Data Breach
Problem description
Your email address and possibly other personal data related to it has been stolen or accidentally exposed from a database. Usually, this happens when you provide your email address and other personal data to a company or organization when you subscribe to a service, and that company or organization then gets hacked or otherwise fails to protect your personal data adequately.
Along with your email address, a data breach may include personal information such as passwords, home addresses, phone numbers or credit card numbers, depending what information you have given to the service and what has been exposed. Breached data can be published online or used by hackers for bad purposes.
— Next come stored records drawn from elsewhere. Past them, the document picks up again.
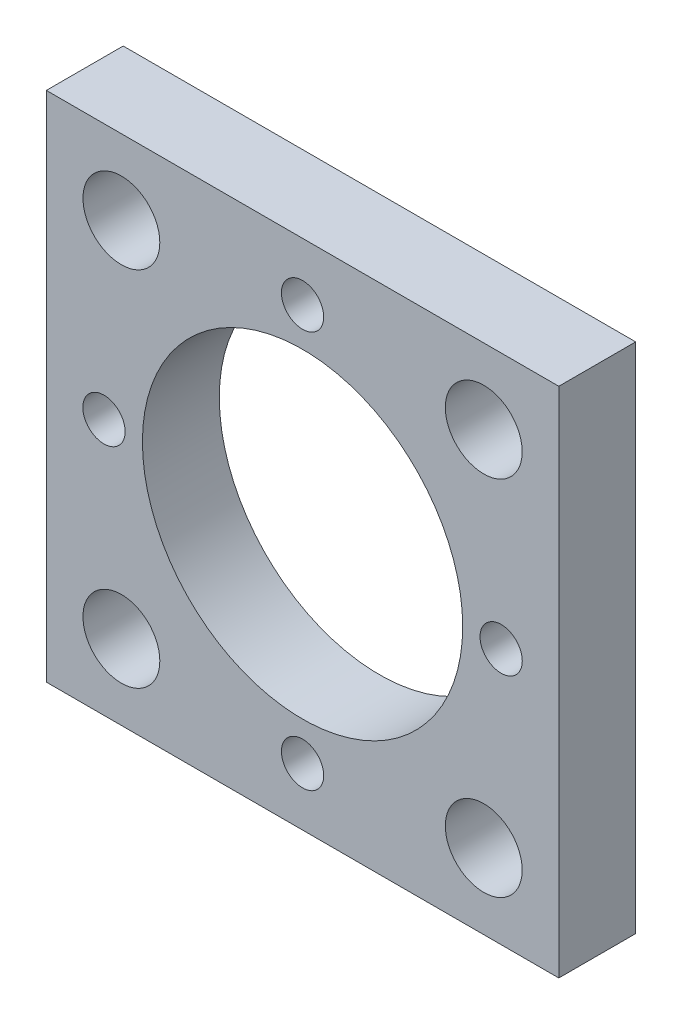
ISO-10303-21;
HEADER;
FILE_DESCRIPTION(('STEP AP214'),'2;1');
FILE_NAME('part.step','',(''),(''),'','','');
FILE_SCHEMA(('AUTOMOTIVE_DESIGN { 1 0 10303 214 1 1 1 1 }'));
ENDSEC;
DATA;
#1=APPLICATION_CONTEXT('core data for automotive mechanical design processes');
#2=APPLICATION_PROTOCOL_DEFINITION('international standard','automotive_design',2000,#1);
#3=PRODUCT_CONTEXT('',#1,'mechanical');
#4=PRODUCT('Part','Part','',(#3));
#5=PRODUCT_RELATED_PRODUCT_CATEGORY('part','',(#4));
#6=PRODUCT_DEFINITION_FORMATION('','',#4);
#7=PRODUCT_DEFINITION_CONTEXT('part definition',#1,'design');
#8=PRODUCT_DEFINITION('design','',#6,#7);
#9=PRODUCT_DEFINITION_SHAPE('','',#8);
#10=(LENGTH_UNIT() NAMED_UNIT(*) SI_UNIT(.MILLI.,.METRE.));
#11=(NAMED_UNIT(*) PLANE_ANGLE_UNIT() SI_UNIT($,.RADIAN.));
#12=(NAMED_UNIT(*) SI_UNIT($,.STERADIAN.) SOLID_ANGLE_UNIT());
#13=UNCERTAINTY_MEASURE_WITH_UNIT(LENGTH_MEASURE(1.E-05),#10,'distance_accuracy_value','');
#14=(GEOMETRIC_REPRESENTATION_CONTEXT(3) GLOBAL_UNCERTAINTY_ASSIGNED_CONTEXT((#13)) GLOBAL_UNIT_ASSIGNED_CONTEXT((#10,
#11,#12)) REPRESENTATION_CONTEXT('',''));
#15=CARTESIAN_POINT('',(0.,0.,0.));
#16=DIRECTION('',(0.,0.,1.));
#17=DIRECTION('',(1.,0.,0.));
#18=AXIS2_PLACEMENT_3D('',#15,#16,#17);
#19=CARTESIAN_POINT('',(0.,0.,6.));
#20=DIRECTION('',(1.,0.,0.));
#21=DIRECTION('',(0.,0.,-1.));
#22=AXIS2_PLACEMENT_3D('',#19,#20,#21);
#23=PLANE('',#22);
#24=DIRECTION('',(0.,-1.,0.));
#25=VECTOR('',#24,1.);
#26=CARTESIAN_POINT('',(0.,0.,0.));
#27=LINE('',#26,#25);
#28=CARTESIAN_POINT('',(0.,40.,0.));
#29=VERTEX_POINT('',#28);
#30=CARTESIAN_POINT('',(0.,0.,0.));
#31=VERTEX_POINT('',#30);
#32=EDGE_CURVE('E102',#29,#31,#27,.T.);
#33=ORIENTED_EDGE('',*,*,#32,.T.);
#34=DIRECTION('',(0.,0.,-1.));
#35=VECTOR('',#34,1.);
#36=CARTESIAN_POINT('',(0.,0.,6.));
#37=LINE('',#36,#35);
#38=CARTESIAN_POINT('',(0.,0.,6.));
#39=VERTEX_POINT('',#38);
#40=EDGE_CURVE('E11',#39,#31,#37,.T.);
#41=ORIENTED_EDGE('',*,*,#40,.F.);
#42=DIRECTION('',(0.,-1.,0.));
#43=VECTOR('',#42,1.);
#44=CARTESIAN_POINT('',(0.,0.,6.));
#45=LINE('',#44,#43);
#46=CARTESIAN_POINT('',(0.,40.,6.));
#47=VERTEX_POINT('',#46);
#48=EDGE_CURVE('E90',#47,#39,#45,.T.);
#49=ORIENTED_EDGE('',*,*,#48,.F.);
#50=DIRECTION('',(0.,0.,-1.));
#51=VECTOR('',#50,1.);
#52=CARTESIAN_POINT('',(0.,40.,6.));
#53=LINE('',#52,#51);
#54=EDGE_CURVE('E98',#47,#29,#53,.T.);
#55=ORIENTED_EDGE('',*,*,#54,.T.);
#56=EDGE_LOOP('',(#33,#41,#49,#55));
#57=FACE_BOUND('',#56,.T.);
#58=ADVANCED_FACE('F39',(#57),#23,.F.);
#59=CARTESIAN_POINT('',(0.,0.,6.));
#60=DIRECTION('',(0.,1.,0.));
#61=DIRECTION('',(0.,0.,1.));
#62=AXIS2_PLACEMENT_3D('',#59,#60,#61);
#63=PLANE('',#62);
#64=DIRECTION('',(1.,0.,0.));
#65=VECTOR('',#64,1.);
#66=CARTESIAN_POINT('',(0.,0.,0.));
#67=LINE('',#66,#65);
#68=CARTESIAN_POINT('',(40.,0.,0.));
#69=VERTEX_POINT('',#68);
#70=EDGE_CURVE('E94',#31,#69,#67,.T.);
#71=ORIENTED_EDGE('',*,*,#70,.T.);
#72=DIRECTION('',(0.,0.,-1.));
#73=VECTOR('',#72,1.);
#74=CARTESIAN_POINT('',(40.,0.,6.));
#75=LINE('',#74,#73);
#76=CARTESIAN_POINT('',(40.,0.,6.));
#77=VERTEX_POINT('',#76);
#78=EDGE_CURVE('E47',#77,#69,#75,.T.);
#79=ORIENTED_EDGE('',*,*,#78,.F.);
#80=DIRECTION('',(1.,0.,0.));
#81=VECTOR('',#80,1.);
#82=CARTESIAN_POINT('',(0.,0.,6.));
#83=LINE('',#82,#81);
#84=EDGE_CURVE('E85',#39,#77,#83,.T.);
#85=ORIENTED_EDGE('',*,*,#84,.F.);
#86=ORIENTED_EDGE('',*,*,#40,.T.);
#87=EDGE_LOOP('',(#71,#79,#85,#86));
#88=FACE_BOUND('',#87,.T.);
#89=ADVANCED_FACE('F93',(#88),#63,.F.);
#90=CARTESIAN_POINT('',(40.,0.,6.));
#91=DIRECTION('',(-1.,0.,0.));
#92=DIRECTION('',(0.,0.,1.));
#93=AXIS2_PLACEMENT_3D('',#90,#91,#92);
#94=PLANE('',#93);
#95=DIRECTION('',(0.,1.,0.));
#96=VECTOR('',#95,1.);
#97=CARTESIAN_POINT('',(40.,0.,0.));
#98=LINE('',#97,#96);
#99=CARTESIAN_POINT('',(40.,40.,0.));
#100=VERTEX_POINT('',#99);
#101=EDGE_CURVE('E72',#69,#100,#98,.T.);
#102=ORIENTED_EDGE('',*,*,#101,.T.);
#103=DIRECTION('',(0.,0.,-1.));
#104=VECTOR('',#103,1.);
#105=CARTESIAN_POINT('',(40.,40.,6.));
#106=LINE('',#105,#104);
#107=CARTESIAN_POINT('',(40.,40.,6.));
#108=VERTEX_POINT('',#107);
#109=EDGE_CURVE('E95',#108,#100,#106,.T.);
#110=ORIENTED_EDGE('',*,*,#109,.F.);
#111=DIRECTION('',(0.,1.,0.));
#112=VECTOR('',#111,1.);
#113=CARTESIAN_POINT('',(40.,0.,6.));
#114=LINE('',#113,#112);
#115=EDGE_CURVE('E88',#77,#108,#114,.T.);
#116=ORIENTED_EDGE('',*,*,#115,.F.);
#117=ORIENTED_EDGE('',*,*,#78,.T.);
#118=EDGE_LOOP('',(#102,#110,#116,#117));
#119=FACE_BOUND('',#118,.T.);
#120=ADVANCED_FACE('F96',(#119),#94,.F.);
#121=CARTESIAN_POINT('',(0.,40.,6.));
#122=DIRECTION('',(0.,-1.,0.));
#123=DIRECTION('',(0.,0.,-1.));
#124=AXIS2_PLACEMENT_3D('',#121,#122,#123);
#125=PLANE('',#124);
#126=DIRECTION('',(-1.,0.,0.));
#127=VECTOR('',#126,1.);
#128=CARTESIAN_POINT('',(0.,40.,0.));
#129=LINE('',#128,#127);
#130=EDGE_CURVE('E78',#100,#29,#129,.T.);
#131=ORIENTED_EDGE('',*,*,#130,.T.);
#132=ORIENTED_EDGE('',*,*,#54,.F.);
#133=DIRECTION('',(-1.,0.,0.));
#134=VECTOR('',#133,1.);
#135=CARTESIAN_POINT('',(0.,40.,6.));
#136=LINE('',#135,#134);
#137=EDGE_CURVE('E55',#108,#47,#136,.T.);
#138=ORIENTED_EDGE('',*,*,#137,.F.);
#139=ORIENTED_EDGE('',*,*,#109,.T.);
#140=EDGE_LOOP('',(#131,#132,#138,#139));
#141=FACE_BOUND('',#140,.T.);
#142=ADVANCED_FACE('F110',(#141),#125,.F.);
#143=CARTESIAN_POINT('',(0.,0.,6.));
#144=DIRECTION('',(0.,0.,-1.));
#145=DIRECTION('',(-1.,0.,0.));
#146=AXIS2_PLACEMENT_3D('',#143,#144,#145);
#147=PLANE('',#146);
#148=CARTESIAN_POINT('',(20.,35.5,6.));
#149=DIRECTION('',(0.,0.,1.));
#150=DIRECTION('',(1.,0.,0.));
#151=AXIS2_PLACEMENT_3D('',#148,#149,#150);
#152=CIRCLE('',#151,1.65);
#153=CARTESIAN_POINT('',(21.65,35.5,6.));
#154=VERTEX_POINT('',#153);
#155=EDGE_CURVE('E166',#154,#154,#152,.T.);
#156=ORIENTED_EDGE('',*,*,#155,.F.);
#157=EDGE_LOOP('',(#156));
#158=FACE_BOUND('',#157,.T.);
#159=CARTESIAN_POINT('',(35.5000000000002,20.0000000000002,6.));
#160=DIRECTION('',(0.,0.,1.));
#161=DIRECTION('',(1.,0.,0.));
#162=AXIS2_PLACEMENT_3D('',#159,#160,#161);
#163=CIRCLE('',#162,1.65);
#164=CARTESIAN_POINT('',(37.1500000000002,20.0000000000002,6.));
#165=VERTEX_POINT('',#164);
#166=EDGE_CURVE('E160',#165,#165,#163,.T.);
#167=ORIENTED_EDGE('',*,*,#166,.F.);
#168=EDGE_LOOP('',(#167));
#169=FACE_BOUND('',#168,.T.);
#170=CARTESIAN_POINT('',(20.0000000000005,4.5,6.));
#171=DIRECTION('',(0.,0.,1.));
#172=DIRECTION('',(1.,0.,0.));
#173=AXIS2_PLACEMENT_3D('',#170,#171,#172);
#174=CIRCLE('',#173,1.65);
#175=CARTESIAN_POINT('',(21.6500000000005,4.5,6.));
#176=VERTEX_POINT('',#175);
#177=EDGE_CURVE('E154',#176,#176,#174,.T.);
#178=ORIENTED_EDGE('',*,*,#177,.F.);
#179=EDGE_LOOP('',(#178));
#180=FACE_BOUND('',#179,.T.);
#181=CARTESIAN_POINT('',(4.50000000000024,19.9999999999998,6.));
#182=DIRECTION('',(0.,0.,1.));
#183=DIRECTION('',(1.,0.,0.));
#184=AXIS2_PLACEMENT_3D('',#181,#182,#183);
#185=CIRCLE('',#184,1.65);
#186=CARTESIAN_POINT('',(6.15000000000024,19.9999999999998,6.));
#187=VERTEX_POINT('',#186);
#188=EDGE_CURVE('E148',#187,#187,#185,.T.);
#189=ORIENTED_EDGE('',*,*,#188,.F.);
#190=EDGE_LOOP('',(#189));
#191=FACE_BOUND('',#190,.T.);
#192=CARTESIAN_POINT('',(20.,20.,6.));
#193=DIRECTION('',(0.,0.,1.));
#194=DIRECTION('',(1.,0.,0.));
#195=AXIS2_PLACEMENT_3D('',#192,#193,#194);
#196=CIRCLE('',#195,12.5);
#197=CARTESIAN_POINT('',(32.5,20.,6.));
#198=VERTEX_POINT('',#197);
#199=EDGE_CURVE('E140',#198,#198,#196,.T.);
#200=ORIENTED_EDGE('',*,*,#199,.F.);
#201=EDGE_LOOP('',(#200));
#202=FACE_BOUND('',#201,.T.);
#203=CARTESIAN_POINT('',(5.85786437626904,34.142135623731,6.));
#204=DIRECTION('',(0.,0.,1.));
#205=DIRECTION('',(1.,0.,0.));
#206=AXIS2_PLACEMENT_3D('',#203,#204,#205);
#207=CIRCLE('',#206,3.);
#208=CARTESIAN_POINT('',(8.85786437626904,34.142135623731,6.));
#209=VERTEX_POINT('',#208);
#210=EDGE_CURVE('E136',#209,#209,#207,.T.);
#211=ORIENTED_EDGE('',*,*,#210,.F.);
#212=EDGE_LOOP('',(#211));
#213=FACE_BOUND('',#212,.T.);
#214=CARTESIAN_POINT('',(34.142135623731,34.1421356237313,6.));
#215=DIRECTION('',(0.,0.,1.));
#216=DIRECTION('',(1.,0.,0.));
#217=AXIS2_PLACEMENT_3D('',#214,#215,#216);
#218=CIRCLE('',#217,3.);
#219=CARTESIAN_POINT('',(37.142135623731,34.1421356237313,6.));
#220=VERTEX_POINT('',#219);
#221=EDGE_CURVE('E130',#220,#220,#218,.T.);
#222=ORIENTED_EDGE('',*,*,#221,.F.);
#223=EDGE_LOOP('',(#222));
#224=FACE_BOUND('',#223,.T.);
#225=CARTESIAN_POINT('',(34.1421356237313,5.85786437626934,6.));
#226=DIRECTION('',(0.,0.,1.));
#227=DIRECTION('',(1.,0.,0.));
#228=AXIS2_PLACEMENT_3D('',#225,#226,#227);
#229=CIRCLE('',#228,3.);
#230=CARTESIAN_POINT('',(37.1421356237313,5.85786437626934,6.));
#231=VERTEX_POINT('',#230);
#232=EDGE_CURVE('E124',#231,#231,#229,.T.);
#233=ORIENTED_EDGE('',*,*,#232,.F.);
#234=EDGE_LOOP('',(#233));
#235=FACE_BOUND('',#234,.T.);
#236=CARTESIAN_POINT('',(5.85786437626929,5.85786437626919,6.));
#237=DIRECTION('',(0.,0.,1.));
#238=DIRECTION('',(1.,0.,0.));
#239=AXIS2_PLACEMENT_3D('',#236,#237,#238);
#240=CIRCLE('',#239,3.);
#241=CARTESIAN_POINT('',(8.85786437626929,5.85786437626919,6.));
#242=VERTEX_POINT('',#241);
#243=EDGE_CURVE('E118',#242,#242,#240,.T.);
#244=ORIENTED_EDGE('',*,*,#243,.F.);
#245=EDGE_LOOP('',(#244));
#246=FACE_BOUND('',#245,.T.);
#247=ORIENTED_EDGE('',*,*,#48,.T.);
#248=ORIENTED_EDGE('',*,*,#84,.T.);
#249=ORIENTED_EDGE('',*,*,#115,.T.);
#250=ORIENTED_EDGE('',*,*,#137,.T.);
#251=EDGE_LOOP('',(#247,#248,#249,#250));
#252=FACE_BOUND('',#251,.T.);
#253=ADVANCED_FACE('F86',(#158,#169,#180,#191,#202,#213,#224,#235,#246,#252),#147,.F.);
#254=CARTESIAN_POINT('',(0.,0.,0.));
#255=DIRECTION('',(0.,0.,-1.));
#256=DIRECTION('',(-1.,0.,0.));
#257=AXIS2_PLACEMENT_3D('',#254,#255,#256);
#258=PLANE('',#257);
#259=CARTESIAN_POINT('',(20.,35.5,0.));
#260=DIRECTION('',(0.,0.,1.));
#261=DIRECTION('',(1.,0.,0.));
#262=AXIS2_PLACEMENT_3D('',#259,#260,#261);
#263=CIRCLE('',#262,1.65);
#264=CARTESIAN_POINT('',(21.65,35.5,0.));
#265=VERTEX_POINT('',#264);
#266=EDGE_CURVE('E163',#265,#265,#263,.T.);
#267=ORIENTED_EDGE('',*,*,#266,.T.);
#268=EDGE_LOOP('',(#267));
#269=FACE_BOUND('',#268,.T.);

Information about these kinds of data breaches along with exposed email addresses are collected by a widely-publicized and credible data breach reporting service Have I Been Pwned, operated by security researcher Troy Hunt. You can read more about the data breaches collected by them at Who's been pwned. You can also learn more about data breaches in general in their FAQ.
Suggestions for repair
Since the data breach has already occurred, the most important thing is to stay calm. Many of the reported data breaches happened a long time ago. In most of the reported data breaches, the company or organization from where your data got stolen has already sent you a notification about the breach, asking you to protect your account by changing your password and providing other advice on how to stay safe. If you have done these things after the breach occurred, you should be quite safe. Your information can of course still be found among the breached data, but your account is protected from abuse.
If you have not known about the breach or if you have not yet acted according to the instructions, you should go to the affected service and change your password immediately. If you have been using the same password in other services, you should change those passwords too. In general, you should always use a different password for different services, so that data stolen from one service provider cannot be used to hack your other services.
Protecting against future data breaches
There are many other common-sense things you can do to protect against data breaches in the future. These are a few well-proven suggestions:
- Use hard-to-guess passwords. Do not use common words (e.g., your own name) or numbers (1234). Use random words or characters, with punctuation marks and numbers thrown in to further reduce guessability.
- Use a password manager application to generate and store good passwords on your behalf.
- Use two-factor authentication in services that support it. That way, if an attacker gets hold of your password, they still cannot access your account easily.